It says "Six Sigma/Outsource" for a reason. The product is "ordered, known,
measured, standard, obvious, low margin". If at all possible, this should be
an off-the-shelf choice. Previously, that would have meant packaged software;
now it mostly means getting something as a library or service.

Six Sigma is fine for manufacturing low-margin items, because you are trying
to get high repeatability in the world of atoms. If you have one widget and
need to make one million more, you use Six Sigma. But with bits, we already
have near-perfect repeatability. If I have one integer and need a million more
integers, the computer will do that at a reliability level well beyond six
sigmas.

If software is being made in the Six Sigma/Outsource zone, it mostly means
that one is reinventing the wheel. Sometimes that's necessary for historical
reasons.
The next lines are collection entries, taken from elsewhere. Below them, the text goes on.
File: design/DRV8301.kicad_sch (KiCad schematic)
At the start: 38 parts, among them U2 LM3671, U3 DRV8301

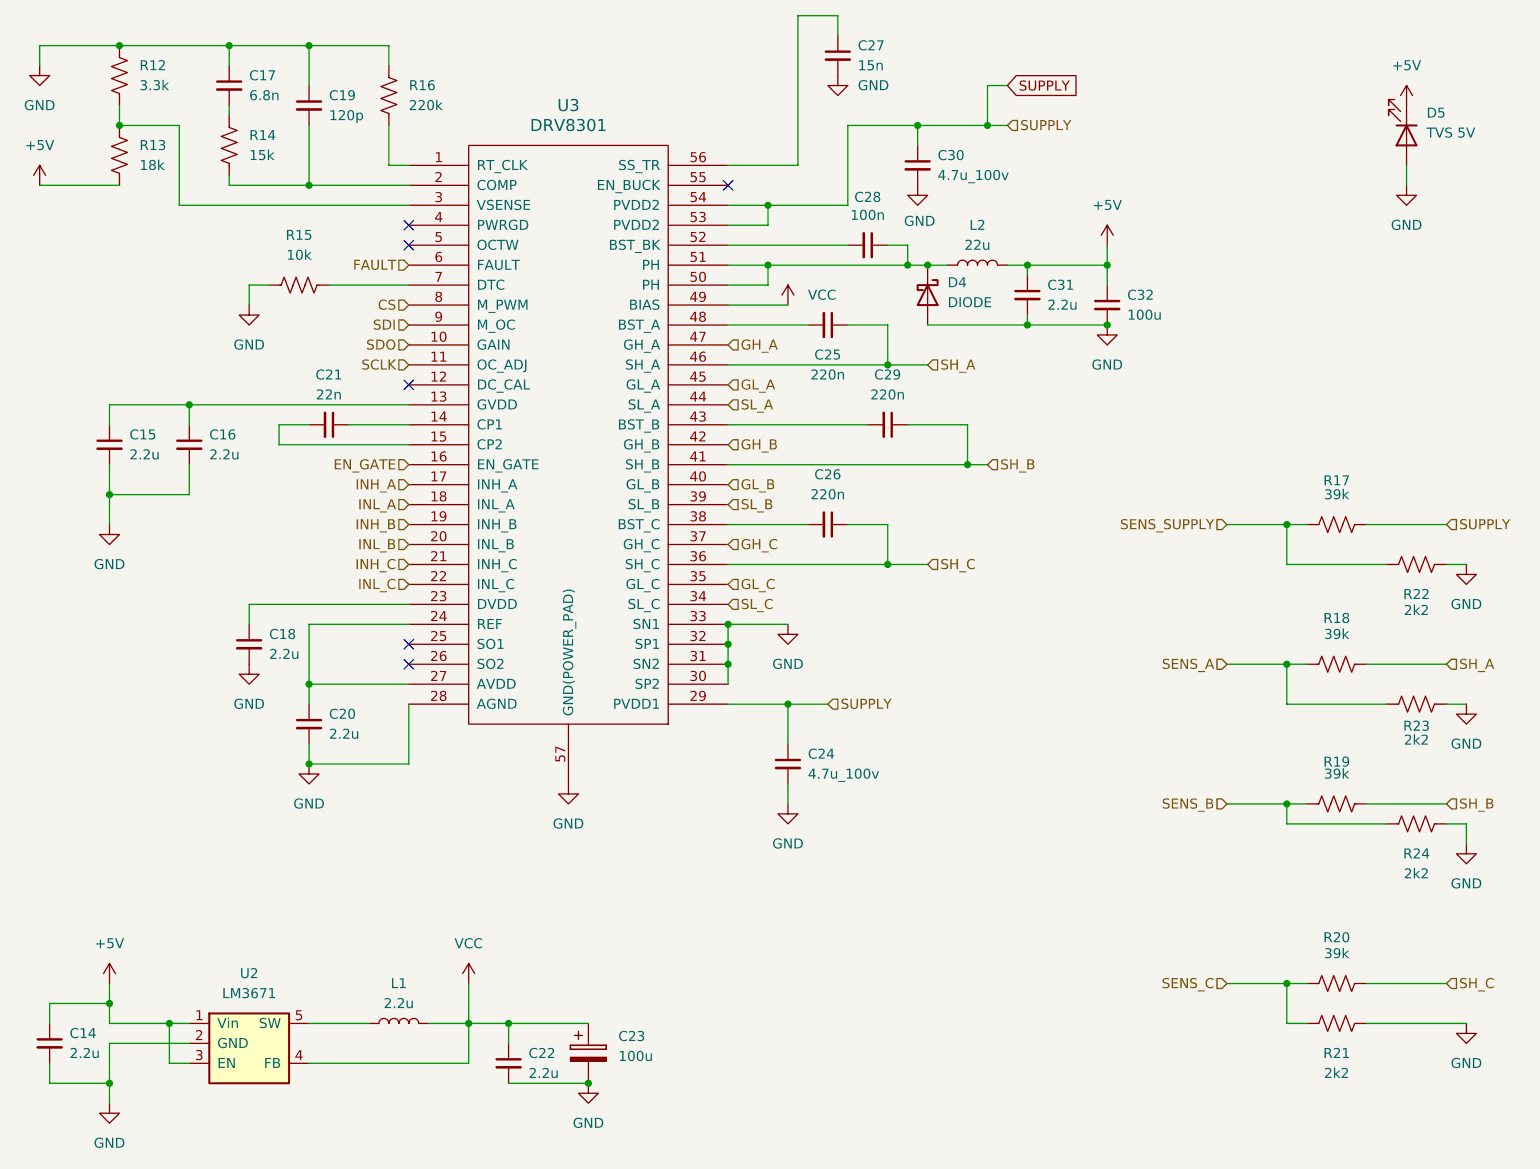
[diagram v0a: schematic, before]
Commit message: Impresión de esquemático en pdf
Impresión de la versión del esquemático en la carpeta /pdf
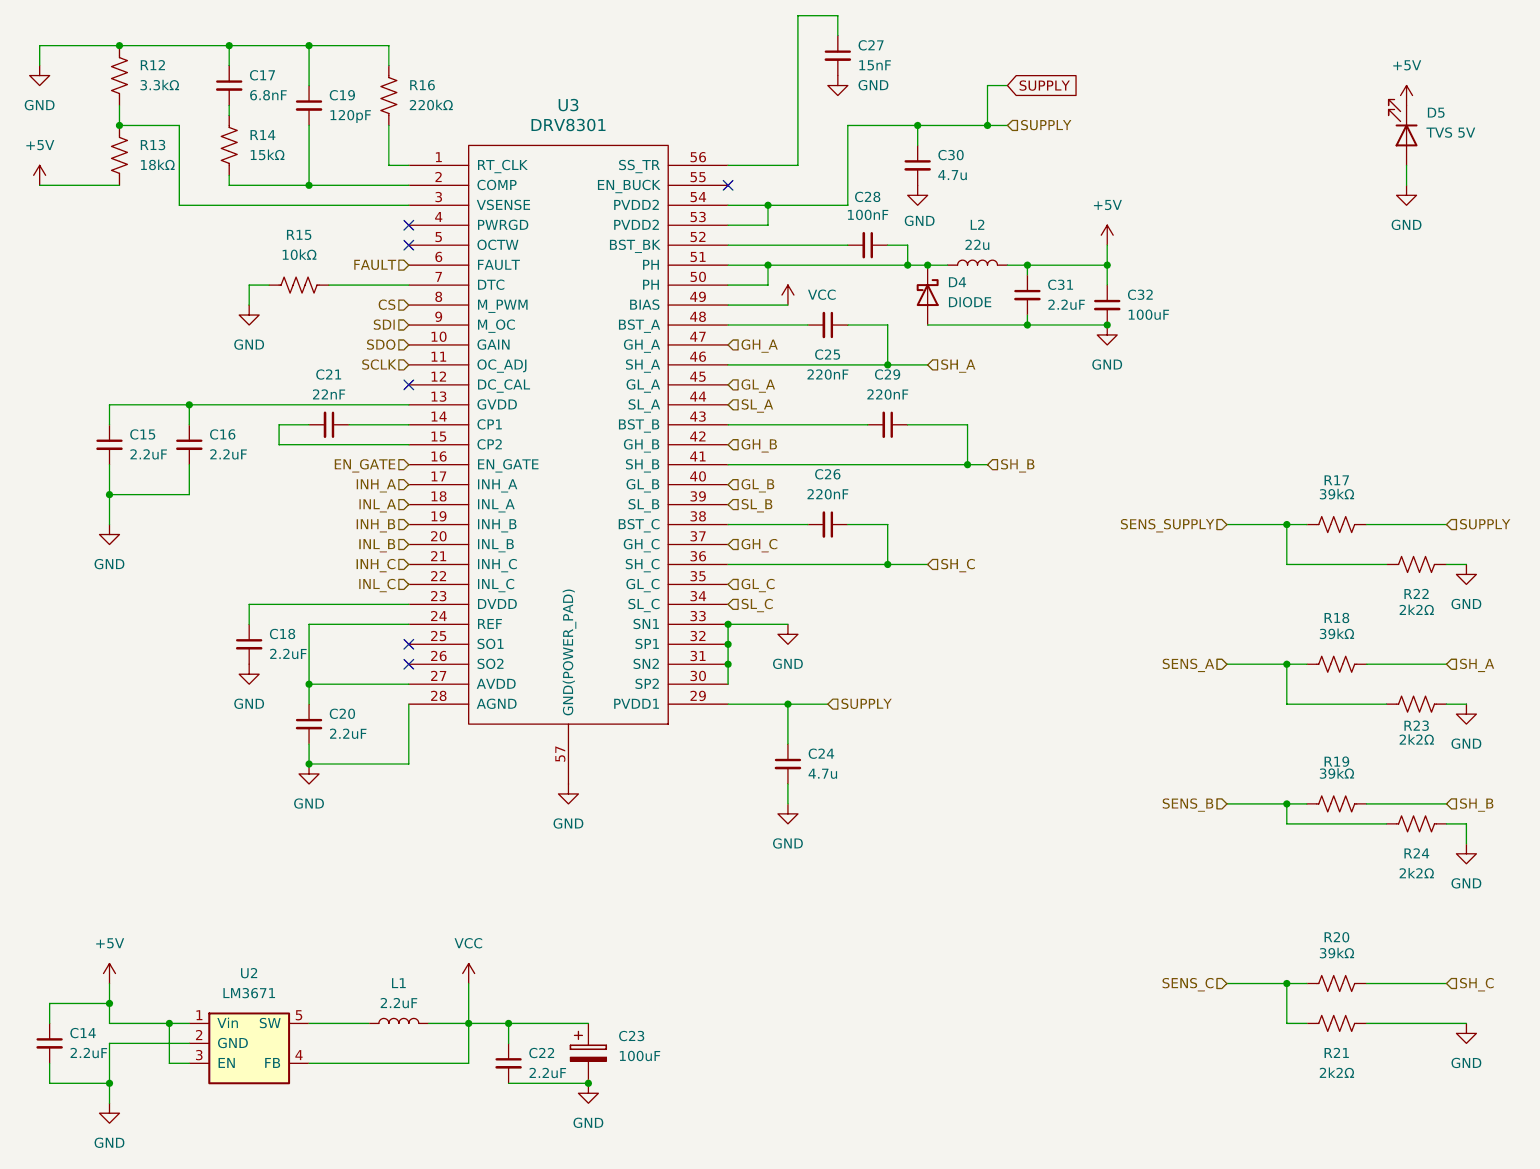
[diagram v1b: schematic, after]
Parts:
- C14, C15, C16, C18, C20, C22, C31, L1: value 2.2u -> 2.2uF
- C17: value 6.8n -> 6.8nF; footprint Capacitor_SMD:C_0603_1608Metric -> Capacitor_SMD:C_1206_3216Metric
- C19: value 120p -> 120pF
- C21: value 22n -> 22nF
- C23, C32: value 100u -> 100uF; footprint Capacitor_SMD:C_0603_1608Metric -> Capacitor_SMD:C_1206_3216Metric
- C24, C30: value 4.7u_100v -> 4.7u; footprint Capacitor_SMD:C_0603_1608Metric -> Capacitor_SMD:C_1210_3225Metric
- C25, C26, C29: value 220n -> 220nF
- C27: value 15n -> 15nF
- C28: value 100n -> 100nF
- R12: value 3.3k -> 3.3kΩ
- R13: value 18k -> 18kΩ
- R14: value 15k -> 15kΩ
- R15: value 10k -> 10kΩ
- R16: value 220k -> 220kΩ
- R17, R18, R19, R20: value 39k -> 39kΩ
- R21, R22, R23, R24: value 2k2 -> 2k2Ω
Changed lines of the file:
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@@
 			)
 		)
-		(property "Value" "220k"
+		(property "Value" "220kΩ"
 			(at 121.92 30.4799 0)
 			(effects
@@
 			)
 		)
-		(property "Value" "18k"
+		(property "Value" "18kΩ"
 			(at 87.63 38.0999 0)
 			(effects
@@
 			)
 		)
-		(property "Value" "3.3k"
+		(property "Value" "3.3kΩ"
 			(at 87.63 27.9399 0)
 			(effects
@@
 			)
 		)
-		(property "Value" "15k"
+		(property "Value" "15kΩ"
 			(at 101.6 36.8299 0)
 			(effects
@@
 			)
 		)
-		(property "Value" "6.8n"
+		(property "Value" "6.8nF"
 			(at 101.6 29.2162 0)
 			(effects
@@
 			)
 		)
-		(property "Footprint" "Capacitor_SMD:C_0603_1608Metric"
+		(property "Footprint" "Capacitor_SMD:C_1206_3216Metric"
 			(at 99.06 27.94 0)
 			(effects
@@
 			)
 		)
-		(property "Description" ""
+		(property "Description" "CAP CER 6.8NF 1206"
 			(at 99.06 27.94 0)
 			(effects
@@
 			)
 		)
-		(property "Value" "120p"
+		(property "Value" "120pF"
 			(at 111.76 31.7562 0)
 			(effects
@@
 			)
 		)
-		(property "Description" ""
+		(property "Description" "CAP CER 120PF 0603"
 			(at 109.22 30.48 0)
 			(effects
@@
 			)
 		)
-		(property "Value" "22n"
+		(property "Value" "22nF"
 			(at 111.7536 67.31 90)
 			(effects
@@
 			)
 		)
-		(property "Description" ""
+		(property "Description" "CAP CER 22NF 0603"
 			(at 111.76 71.12 0)
 			(effects
@@
 			)
 		)
-		(property "Value" "2.2u"
+		(property "Value" "2.2uF"
 			(at 96.52 74.9362 0)
 			(effects
@@
 			)
 		)
-		(property "Value" "2.2u"
+		(property "Value" "2.2uF"
 			(at 86.36 74.9362 0)
 			(effects
@@
 			)
 		)
-		(property "Value" "2.2u"
+		(property "Value" "2.2uF"
 			(at 104.14 100.3362 0)
 			(effects
@@
 			)
 		)
-		(property "Value" "2.2u"
+		(property "Value" "2.2uF"
 			(at 111.76 110.4962 0)
 			(effects
@@
 			)
 		)
-		(property "Value" "15n"
+		(property "Value" "15nF"
 			(at 179.07 25.4062 0)
 			(effects
@@
 			)
 		)
-		(property "Description" ""
+		(property "Description" "CAP CER 0603 15nF 16V X7R 10%"
 			(at 176.53 24.13 0)
 			(effects
@@
 			)
 		)
-		(property "Value" "4.7u_100v"
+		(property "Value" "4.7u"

E.g., if I'm working in a new language but need a library that
doesn't exist yet, sometimes I really can just take the old spec and implement
it anew. Or if I want developers to use my cloud service, maybe I need to just
reimplement chunks of the AWS API, because Amazon won't give me that code.

But the great majority of software development should take place in the
higher-novelty zones, where reliable project-scale estimation is somewhere
between impossible and nonsensical.

(As an aside, casting people you disagree with as children is insulting.)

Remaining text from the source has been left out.